In this case, the radius is given as 5 ft. Substituting this value into the volume formula, we get:
V = (2/3) * pi * (5^3)
V = (2/3) * pi * 125
V = 250/3 * pi ft^3
Now, to calculate the weight of the water, we'll multiply the volume by the density:
weight = (250/3 * pi) * (62.5 lb/ft^3)
weight = (15625/3 * pi) lb
Finally, to find the work required to pump the water out of the tank, we multiply the weight by the height the water is being lifted.

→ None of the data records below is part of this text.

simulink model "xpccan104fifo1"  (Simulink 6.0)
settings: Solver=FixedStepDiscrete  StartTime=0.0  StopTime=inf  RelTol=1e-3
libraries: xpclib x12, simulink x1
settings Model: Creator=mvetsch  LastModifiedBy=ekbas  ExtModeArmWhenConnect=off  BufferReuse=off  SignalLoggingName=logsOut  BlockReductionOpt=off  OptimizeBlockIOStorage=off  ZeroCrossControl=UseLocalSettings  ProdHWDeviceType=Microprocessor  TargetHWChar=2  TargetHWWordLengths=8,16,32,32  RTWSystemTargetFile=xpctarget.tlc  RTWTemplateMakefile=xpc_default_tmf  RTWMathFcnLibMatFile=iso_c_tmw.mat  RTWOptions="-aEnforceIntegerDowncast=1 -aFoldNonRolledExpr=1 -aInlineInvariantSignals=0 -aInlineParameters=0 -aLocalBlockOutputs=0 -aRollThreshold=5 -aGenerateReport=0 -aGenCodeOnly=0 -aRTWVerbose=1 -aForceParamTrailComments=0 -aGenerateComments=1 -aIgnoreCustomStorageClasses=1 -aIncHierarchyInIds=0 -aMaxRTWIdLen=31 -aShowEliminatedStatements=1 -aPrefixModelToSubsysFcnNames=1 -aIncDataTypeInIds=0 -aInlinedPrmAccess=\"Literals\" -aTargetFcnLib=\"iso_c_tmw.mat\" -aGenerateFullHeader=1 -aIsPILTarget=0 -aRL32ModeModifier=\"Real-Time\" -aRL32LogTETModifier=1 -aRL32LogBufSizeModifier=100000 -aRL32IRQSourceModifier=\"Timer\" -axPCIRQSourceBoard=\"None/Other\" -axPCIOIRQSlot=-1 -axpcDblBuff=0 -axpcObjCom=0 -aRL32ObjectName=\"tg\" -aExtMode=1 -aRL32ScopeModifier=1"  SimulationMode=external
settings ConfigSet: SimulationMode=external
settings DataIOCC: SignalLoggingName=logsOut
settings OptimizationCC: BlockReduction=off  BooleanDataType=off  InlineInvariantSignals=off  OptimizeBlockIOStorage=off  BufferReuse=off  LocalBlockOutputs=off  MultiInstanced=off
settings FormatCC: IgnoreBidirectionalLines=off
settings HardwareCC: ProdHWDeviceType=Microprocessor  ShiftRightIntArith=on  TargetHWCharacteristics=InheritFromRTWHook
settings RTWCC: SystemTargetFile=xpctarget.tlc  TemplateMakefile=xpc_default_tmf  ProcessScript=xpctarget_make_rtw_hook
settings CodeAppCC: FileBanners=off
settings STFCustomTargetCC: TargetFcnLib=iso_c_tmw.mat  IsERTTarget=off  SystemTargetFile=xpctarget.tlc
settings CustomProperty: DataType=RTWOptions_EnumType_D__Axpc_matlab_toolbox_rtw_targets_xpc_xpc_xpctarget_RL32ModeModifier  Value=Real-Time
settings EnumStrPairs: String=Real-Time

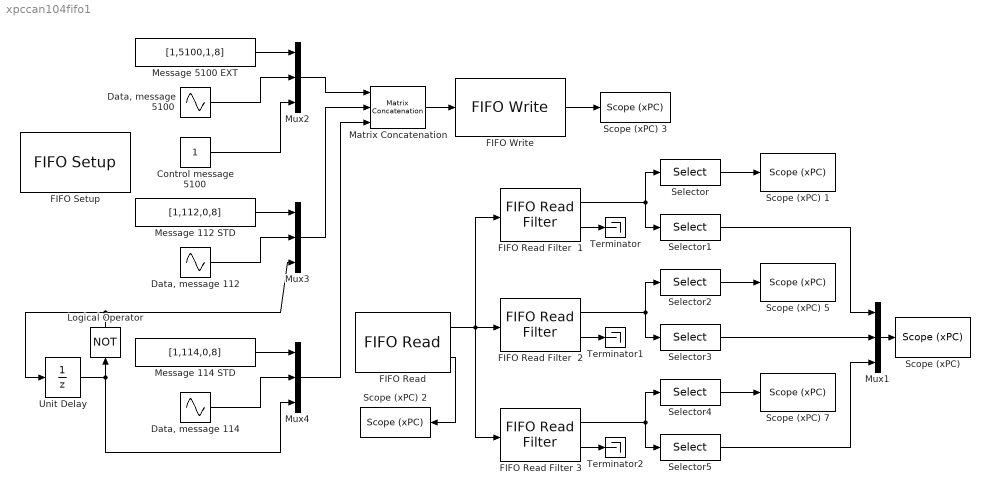
== system xpccan104fifo1 ==
  Control message 5100 : Constant  VectorParams1D=off
  "Data, message 112" : Sin  Amplitude=2  Frequency=20*2*pi  SampleTime=0.001
  "Data, message 114" : Sin  Amplitude=3  Frequency=20*2*pi  SampleTime=0.001
  "Data, message 5100" : Sin  Frequency=20*2*pi  SampleTime=0.001
  "FIFO Read " : xpclib/CAN/Softing/CAN-AC2-104 SJA 1000/FIFO Mode/FIFO Read   board=1  depth=3  status=on  sampletime=0.001
  FIFO Read Filter  1 : xpclib/CAN/Softing/CAN-AC2-PCI SJA 1000/FIFO Mode/FIFO Read Filter   portin=2  ctypein=EDF  direction=Include  ident=[5100]  identsel=Include
  FIFO Read Filter  2 : xpclib/CAN/Softing/CAN-AC2-PCI SJA 1000/FIFO Mode/FIFO Read Filter   portin=2  ctypein=SDF  direction=Include  ident=[112]  identsel=Include
  FIFO Read Filter 3 : xpclib/CAN/Softing/CAN-AC2-PCI SJA 1000/FIFO Mode/FIFO Read Filter   portin=2  ctypein=SDF  direction=Include  ident=[114]  identsel=Include
  "FIFO Setup " : xpclib/CAN/Softing/CAN-AC2-104 SJA 1000/FIFO Mode/FIFO Setup   board=1  can1Baudrate=1 MBaud  can1UserBR=[1,1,4,3]  acc1=[0,0,0,0]  can2Baudrate=1 MBaud  can2UserBR=[1,1,4,3]  acc2=[0,0,0,0]  efdetection=off  init=[]  term=[]  ioBaseAddressL=0x300  memBaseAddressL=0xd0000  intNo=None
  "FIFO Write " : xpclib/CAN/Softing/CAN-AC2-104 SJA 1000/FIFO Mode/FIFO Write   board=1  status=on  sampletime=-1
  Logical Operator : Logic  Orientation=up  Operator=NOT
  Matrix Concatenation : simulink/Math Operations/Matrix Concatenation  numInports=3  catMethod=Vertical
  Message 112 STD : Constant  Value=[1,112,0,8]  VectorParams1D=off
  Message 114 STD : Constant  Value=[1,114,0,8]  VectorParams1D=off
  Message 5100 EXT : Constant  Value=[1,5100,1,8]  VectorParams1D=off
  Mux{1..4} (4 alike) : Mux  Inputs=3
  "Scope (xPC) " : xpclib/Misc./Scope (xPC)   scopeno=3  scopetype=Target  autostart=on  viewmode=Graphical redraw  formatstr='%15.6f'  grid=on  ylimits=[0,0]  nosamples=100  noprepostsamples=0  interleave=1  triggermode=FreeRun  triggersignal=1  triggerlevel=0.0  triggerslope=Either  triggerscope=1  triggersample=0  filename=data.dat  mode=Lazy  writesize=512  autorestart=off
  Scope (xPC) 1 : xpclib/Misc./Scope (xPC)   scopeno=4  scopetype=Target  autostart=on  viewmode=Numerical  formatstr='%15.6f'  grid=on  ylimits=[0,0]  nosamples=3  noprepostsamples=0  interleave=1  triggermode=FreeRun  triggersignal=1  triggerlevel=0.0  triggerslope=Either  triggerscope=1  triggersample=0  filename=data.dat  mode=Lazy  writesize=512  autorestart=off
  Scope (xPC) 2 : xpclib/Misc./Scope (xPC)   Orientation=left  scopeno=2  scopetype=Target  autostart=on  viewmode=Numerical  formatstr='%15.6f'  grid=on  ylimits=[0,0]  nosamples=3  noprepostsamples=0  interleave=1  triggermode=FreeRun  triggersignal=1  triggerlevel=0.0  triggerslope=Either  triggerscope=1  triggersample=0  filename=data.dat  mode=Lazy  writesize=512  autorestart=off
  Scope (xPC) 3 : xpclib/Misc./Scope (xPC)   scopeno=1  scopetype=Target  autostart=on  viewmode=Numerical  formatstr='%15.6f'  grid=on  ylimits=[0,0]  nosamples=3  noprepostsamples=0  interleave=1  triggermode=FreeRun  triggersignal=1  triggerlevel=0.0  triggerslope=Either  triggerscope=1  triggersample=0  filename=data.dat  mode=Lazy  writesize=512  autorestart=off
  Scope (xPC) 5 : xpclib/Misc./Scope (xPC)   scopeno=5  scopetype=Target  autostart=on  viewmode=Numerical  formatstr='%15.6f'  grid=on  ylimits=[0,0]  nosamples=3  noprepostsamples=0  interleave=1  triggermode=FreeRun  triggersignal=1  triggerlevel=0.0  triggerslope=Either  triggerscope=1  triggersample=0  filename=data.dat  mode=Lazy  writesize=512  autorestart=off
  Scope (xPC) 7 : xpclib/Misc./Scope (xPC)   scopeno=6  scopetype=Target  autostart=on  viewmode=Numerical  formatstr='%15.6f'  grid=on  ylimits=[0,0]  nosamples=3  noprepostsamples=0  interleave=1  triggermode=FreeRun  triggersignal=1  triggerlevel=0.0  triggerslope=Either  triggerscope=1  triggersample=0  filename=data.dat  mode=Lazy  writesize=512  autorestart=off
  Selector : Selector  Elements=[1:5]  InputPortWidth=6
  Selector1 : Selector  Elements=[6]  InputPortWidth=6
  Selector2 : Selector  Elements=[1:5]  InputPortWidth=6
  Selector3 : Selector  Elements=[6]  InputPortWidth=6
  Selector4 : Selector  Elements=[1:5]  InputPortWidth=6
  Selector5 : Selector  Elements=[6]  InputPortWidth=6
  Terminator : Terminator
  Terminator1 : Terminator
  Terminator2 : Terminator
  Unit Delay : UnitDelay  SampleTime=0.001
  wires:
  Message 5100 EXT/1 -> Mux2/1
  "Data, message 5100"/1 -> Mux2/2
  "FIFO Read "/1 -> FIFO Read Filter  1/1, FIFO Read Filter  2/1, FIFO Read Filter 3/1
  "FIFO Read "/2 -> Scope (xPC) 2/1
  "FIFO Write "/1 -> Scope (xPC) 3/1
  Control message 5100/1 -> Mux2/3
  Unit Delay/1 -> Logical Operator/1, Mux4/3
  Logical Operator/1 -> Unit Delay/1, Mux3/3
  Message 112 STD/1 -> Mux3/1
  "Data, message 112"/1 -> Mux3/2
  Message 114 STD/1 -> Mux4/1
  "Data, message 114"/1 -> Mux4/2
  Mux3/1 -> Matrix Concatenation/2
  Mux2/1 -> Matrix Concatenation/1
  Mux4/1 -> Matrix Concatenation/3
  Matrix Concatenation/1 -> "FIFO Write "/1
  FIFO Read Filter  1/1 -> Selector/1, Selector1/1
  Selector/1 -> Scope (xPC) 1/1
  Selector2/1 -> Scope (xPC) 5/1
  Selector3/1 -> Mux1/2
  FIFO Read Filter  2/1 -> Selector2/1, Selector3/1
  Selector4/1 -> Scope (xPC) 7/1
  Selector5/1 -> Mux1/3
  FIFO Read Filter 3/1 -> Selector4/1, Selector5/1
  FIFO Read Filter  1/2 -> Terminator/1
  FIFO Read Filter  2/2 -> Terminator1/1
  FIFO Read Filter 3/2 -> Terminator2/1
  Selector1/1 -> Mux1/1
  Mux1/1 -> "Scope (xPC) "/1

Since the tank is full, the height is equal to the diameter of the hemisphere (2 * radius):
work = weight * height
work = (15625/3 * pi) lb * (2 * 5 ft)
work = (15625/3 * pi) lb * 10 ft
work ≈ 163362.82 ft*lb
So, the correct work required to pump the water out of the tank is approximately 163362.82 ft*lb.
To find the work required to pump the water out of the tank, we can use the concept of the work done against gravity. The formula for the work done in this case is W = mgh, where W is the work, m is the mass of the water, g is the acceleration due to gravity, and h is the height or the distance the water needs to be pumped.
Since we know the weight of water is 62.5 lb/ft^3 and the tank is completely filled, we can calculate the mass of water in the tank. The mass is equal to the density multiplied by the volume.
Density = 62.5 lb/ft^3
Volume of the hemisphere = (2/3) * pi * r^3 = (2/3) * pi * 5^3 = (250/3) * pi ft^3
Now, to integrate the volume * h * density, where h is the height from 0 to 5 ft:
Work, W = ∫(h * density * volume)dh from 0 to 5
W = ∫(h * 62.5 * (250/3) * pi)dh from 0 to 5
= (62.5 * (250/3) * pi) * ∫hdh from 0 to 5
= (62.5 * (250/3) * pi) * [(1/2)h^2] evaluated from 0 to 5
= (62.5 * (250/3) * pi) * [(1/2)(5^2) - (1/2)(0^2)]
= (62.5 * (250/3) * pi) * [(1/2)(25)]
= 16362.5 ft*lb (approx)
So, it seems like you used the correct method to calculate the work required to pump the water out of the tank. The result you obtained, 16362.5 ft*lb, seems correct.